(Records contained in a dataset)

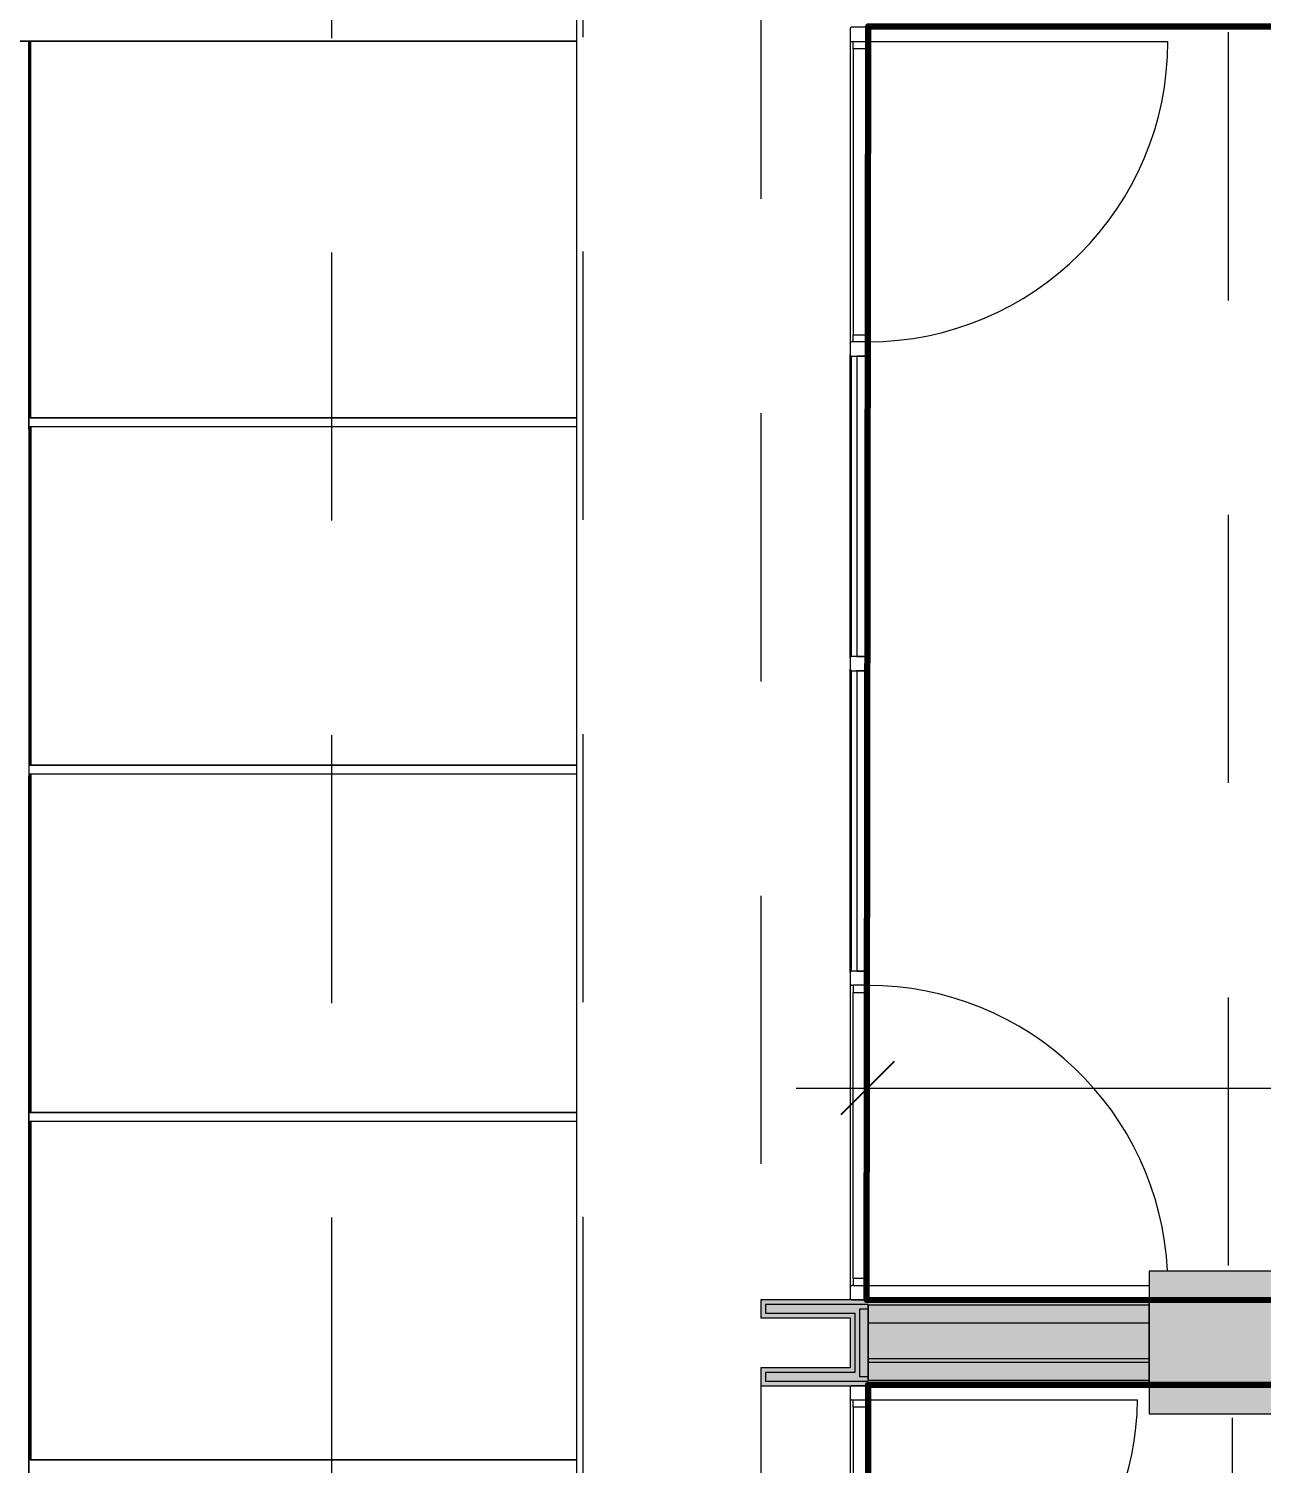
# Model space of a CAD drawing. Header units: metres. Extents: x -227.9 to -140, y 37.9 to 92.1.
# Drawn here: x -182.892 to -179.441, y 63.923 to 67.94 of the extents above; entities that cross this region are included whole.
import ezdxf

# ---------------------------------------------------------------- set-up
doc = ezdxf.new("R2010")
doc.units = ezdxf.units.M
doc.linetypes.add('JIS_02_0.7', pattern=[1.35, 0.75, -0.6])
for name, color, linetype, lineweight in [('A-ANNO-DIMS', 7, 'Continuous', 9), ('A-ANNO-DIMS-100', 7, 'Continuous', 9), ('A-DOOR', 7, 'Continuous', 5), ('A-FLOR', 7, 'Continuous', 5), ('A-GENM', 7, 'Continuous', 5), ('A-GLAZ-CURT', 7, 'Continuous', 5), ('A-GLAZ-CWMG', 7, 'Continuous', 5), ('A-ROOF', 7, 'Continuous', 5), ('A-WALL', 7, 'Continuous', 5), ('A-WALL-PATT', 7, 'Continuous', 13), ('I-WALL', 7, 'Continuous', 5), ('S-BEAM', 7, 'Continuous', 5), ('S-COLS', 7, 'Continuous', 5)]:
    doc.layers.add(name, color=color, linetype=linetype, lineweight=lineweight)
doc.layers.add('A-DETL', color=94, linetype='Continuous', lineweight=5, true_color=0x00a600)
doc.layers.add('G-IMPT', color=8, linetype='Continuous', lineweight=5, true_color=0x808080)
doc.layers.add('Chambre', color=40, linetype='Continuous')
doc.styles.add('RomanD_B', font='', dxfattribs={"height": 0.2})
doc.styles.get('RomanD_B').set_extended_font_data('RomanD', bold=True)
doc.dimstyles.new('LAG-Romans_0_2', dxfattribs={"dimscale": 0.3048, "dimtxt": 0.200715, "dimasz": 0.492126, "dimexe": 0.787402, "dimexo": 0.0625, "dimgap": 0, "dimtad": 1, "dimrnd": 0.01, "dimzin": 0, "dimdsep": 46, "dimtxsty": 'RomanD_B', "dimblk1": 'OBLIQUE', "dimblk2": 'OBLIQUE', "dimsah": 1, "dimcen": 0.09, "dimdle": 0.656168, "dimazin": 0, "dimtfac": 1, "dimtdec": 4, "dimtix": 1, "dimtmove": 0, "dimatfit": 3, "dimfxl": 0.787402, "dimfxlon": 1, "dimtvp": 1, "dimtolj": 1, "dimtzin": 0, "dimarcsym": 2})

# ---------------------------------------------------------------- blocks, each defined once
blk = doc.blocks.new('LAG-C1030-PORTES-VITRINE DE MAGASIN-13PR_08_01 - LAG-C1030-PORTES-VITRINE DE MAGASIN-13PR_08_01-12746009-MUC-LAG-PRO-PLA-ARC-TZN-N02-AG02Ec-Cote')
at = {"layer": 'A-DOOR', "color": 9, "lineweight": 9, "true_color": 0xc0c0c0}
for p, q in [((-0.4201, 0.04), (-0.4001, 0.04)), ((-0.4201, 0), (-0.4201, 0.04)), ((-0.4001, 0.04), (-0.4001, 0)), ((0.4001, 0.04), (0.4201, 0.04)), ((0.4001, 0), (0.4001, 0.04)), ((0.4201, 0.04), (0.4201, 0)), ((-0.4001, 0), (-0.4201, 0)), ((0.4201, 0), (0.4001, 0))]:
    blk.add_line(p, q, dxfattribs=at)
at = {"layer": 'A-DOOR', "color": 9, "true_color": 0xc0c0c0}
for p, q in [((0.4001, 0.04), (-0.4001, 0.04)), ((-0.4001, 0), (0.4001, 0))]:
    blk.add_line(p, q, dxfattribs=at)
at = {"layer": 'A-DOOR'}
blk.add_line((0.4201, 0), (0.4201, -0.8401), dxfattribs=at)
blk.add_arc((0.4201, 0), 0.8401, 180, 270, dxfattribs=at)
blk = doc.blocks.new('Rectangulaire Meneau - LAG-B2010-MENEAU-40x50-11582826-MUC-LAG-PRO-PLA-ARC-TZN-N02-AG02Ec-Cote')
at = {"layer": 'A-GLAZ-CWMG', "lineweight": 13}
for p, q in [((-0.04, 0.04), (-0.04, 0.0447)), ((-0.036, 0.0487), (-0.004, 0.0487)), ((0, 0.0447), (0, 0.0027)), ((-0.004, -0.0013), (-0.036, -0.0013))]:
    blk.add_line(p, q, dxfattribs=at)
for centre, start, end in [((-0.036, 0.0447), 90, 180), ((-0.004, 0.0447), 360, 90), ((-0.036, 0.0027), 180, 270), ((-0.004, 0.0027), 270, 0)]:
    blk.add_arc(centre, 0.004, start, end, dxfattribs=at)
blk = doc.blocks.new('LAG-B2020-PANNEAU DE RIDEAU-TRANSPARENT - CURTAIN WALL MULLION_dwg_12FT-JANSEN-P05-V38-MUC-LAG-PRO-PLA-ARC-TZN-N02-AG02Ec-Cote')
at = {"layer": 'G-IMPT', "flags": 128}
blk.add_lwpolyline([(0.004, 0.0001), (0.003, 0), (0.002, 0.0001), (0.001, 0), (0, 0), (0.001, 0.0001), (0.002, 0), (0.003, 0.0001), (0.004, 0)], dxfattribs=at)
at = {"layer": 'G-IMPT', "color": 161, "true_color": 0x7f9fff, "flags": 128}
for points in [[(0, 0), (0, 0), (0, 0), (0, 0), (0, 0), (0, 0), (0, 0.0001), (0, 0), (0, 0), (0, 0), (0, 0), (0, 0), (0, 0), (0, 0)], [(0, 0), (0, 0), (0, 0), (0, 0)], [(0.001, 0), (0.001, 0), (0.001, 0), (0.001, 0), (0.001, 0), (0.001, 0), (0.001, 0.0001), (0.001, 0), (0.001, 0), (0.001, 0), (0.001, 0), (0.001, 0), (0.001, 0), (0.001, 0)], [(0.001, 0), (0.001, 0), (0.001, 0), (0.001, 0)], [(0.001, 0), (0.001, 0), (0.001, 0), (0.001, 0), (0.001, 0), (0.001, 0)], [(0.001, 0), (0.001, 0), (0.001, 0), (0.001, 0)], [(0.002, 0), (0.002, 0), (0.002, 0), (0.002, 0), (0.002, 0), (0.002, 0), (0.002, 0.0001), (0.002, 0), (0.002, 0), (0.002, 0), (0.002, 0), (0.002, 0), (0.002, 0), (0.002, 0)], [(0.002, 0), (0.002, 0), (0.002, 0), (0.002, 0)], [(0.002, 0), (0.002, 0), (0.002, 0), (0.002, 0), (0.002, 0), (0.002, 0)], [(0.002, 0), (0.002, 0), (0.002, 0), (0.002, 0)], [(0.003, 0), (0.003, 0), (0.003, 0), (0.003, 0), (0.003, 0), (0.003, 0), (0.003, 0), (0.003, 0.0001), (0.003, 0), (0.003, 0), (0.003, 0), (0.003, 0), (0.003, 0), (0.003, 0)], [(0.003, 0), (0.0031, 0), (0.0031, 0), (0.003, 0)], [(0.003, 0), (0.003, 0), (0.0031, 0), (0.0031, 0), (0.003, 0), (0.003, 0)], [(0.003, 0), (0.003, 0), (0.003, 0), (0.003, 0)], [(0.004, 0), (0.004, 0), (0.004, 0), (0.004, 0), (0.004, 0), (0.0041, 0), (0.004, 0.0001), (0.004, 0), (0.004, 0), (0.004, 0), (0.004, 0), (0.004, 0), (0.004, 0), (0.004, 0)], [(0.004, 0), (0.004, 0), (0.004, 0), (0.004, 0)]]:
    blk.add_lwpolyline(points, dxfattribs=at)
at = {"layer": 'G-IMPT', "color": 4, "true_color": 0x00ffff, "flags": 128}
for points in [[(0.001, 0), (0.001, 0), (0, 0), (0, 0)], [(0.002, 0), (0.002, 0), (0.001, 0), (0.001, 0)], [(0.003, 0), (0.003, 0), (0.002, 0), (0.002, 0)], [(0.004, 0), (0.004, 0), (0.003, 0), (0.003, 0)]]:
    blk.add_lwpolyline(points, close=True, dxfattribs=at)
at = {"layer": 'G-IMPT', "color": 161, "true_color": 0x7f9fff}
for centre, radius, start, end in [((0, 0), 0.000004, 90, 180), ((0, 0), 0.000004, 360, 90), ((0, 0), 0.000002, 90, 180), ((0, 0), 0.000002, 360, 90), ((0, 0), 0.000002, 270, 360), ((0, 0), 0.000002, 180, 270), ((0, 0), 0.000004, 270, 0), ((0, 0), 0.000004, 180, 270), ((0.001, 0), 0.000004, 90, 180), ((0.001, 0), 0.000004, 360, 90), ((0.001, 0), 0.000002, 90, 180), ((0.001, 0), 0.000002, 360, 90), ((0.001, 0), 0.000002, 270, 360), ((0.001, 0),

• _EXERCISE DETAILS_
From the records above, give again exactly the lines running from the line with "# Drawn here: x" to the line with "doc.linetypes.add('JIS_02_0.7', pattern=[1.35, 0.75, -0.6])", inclusive.

• _RESULT FOR THIS TASK_
# Drawn here: x -182.892 to -179.441, y 63.923 to 67.94 of the extents above; entities that cross this region are included whole.
import ezdxf

# ---------------------------------------------------------------- set-up
doc = ezdxf.new("R2010")
doc.units = ezdxf.units.M
doc.linetypes.add('JIS_02_0.7', pattern=[1.35, 0.75, -0.6])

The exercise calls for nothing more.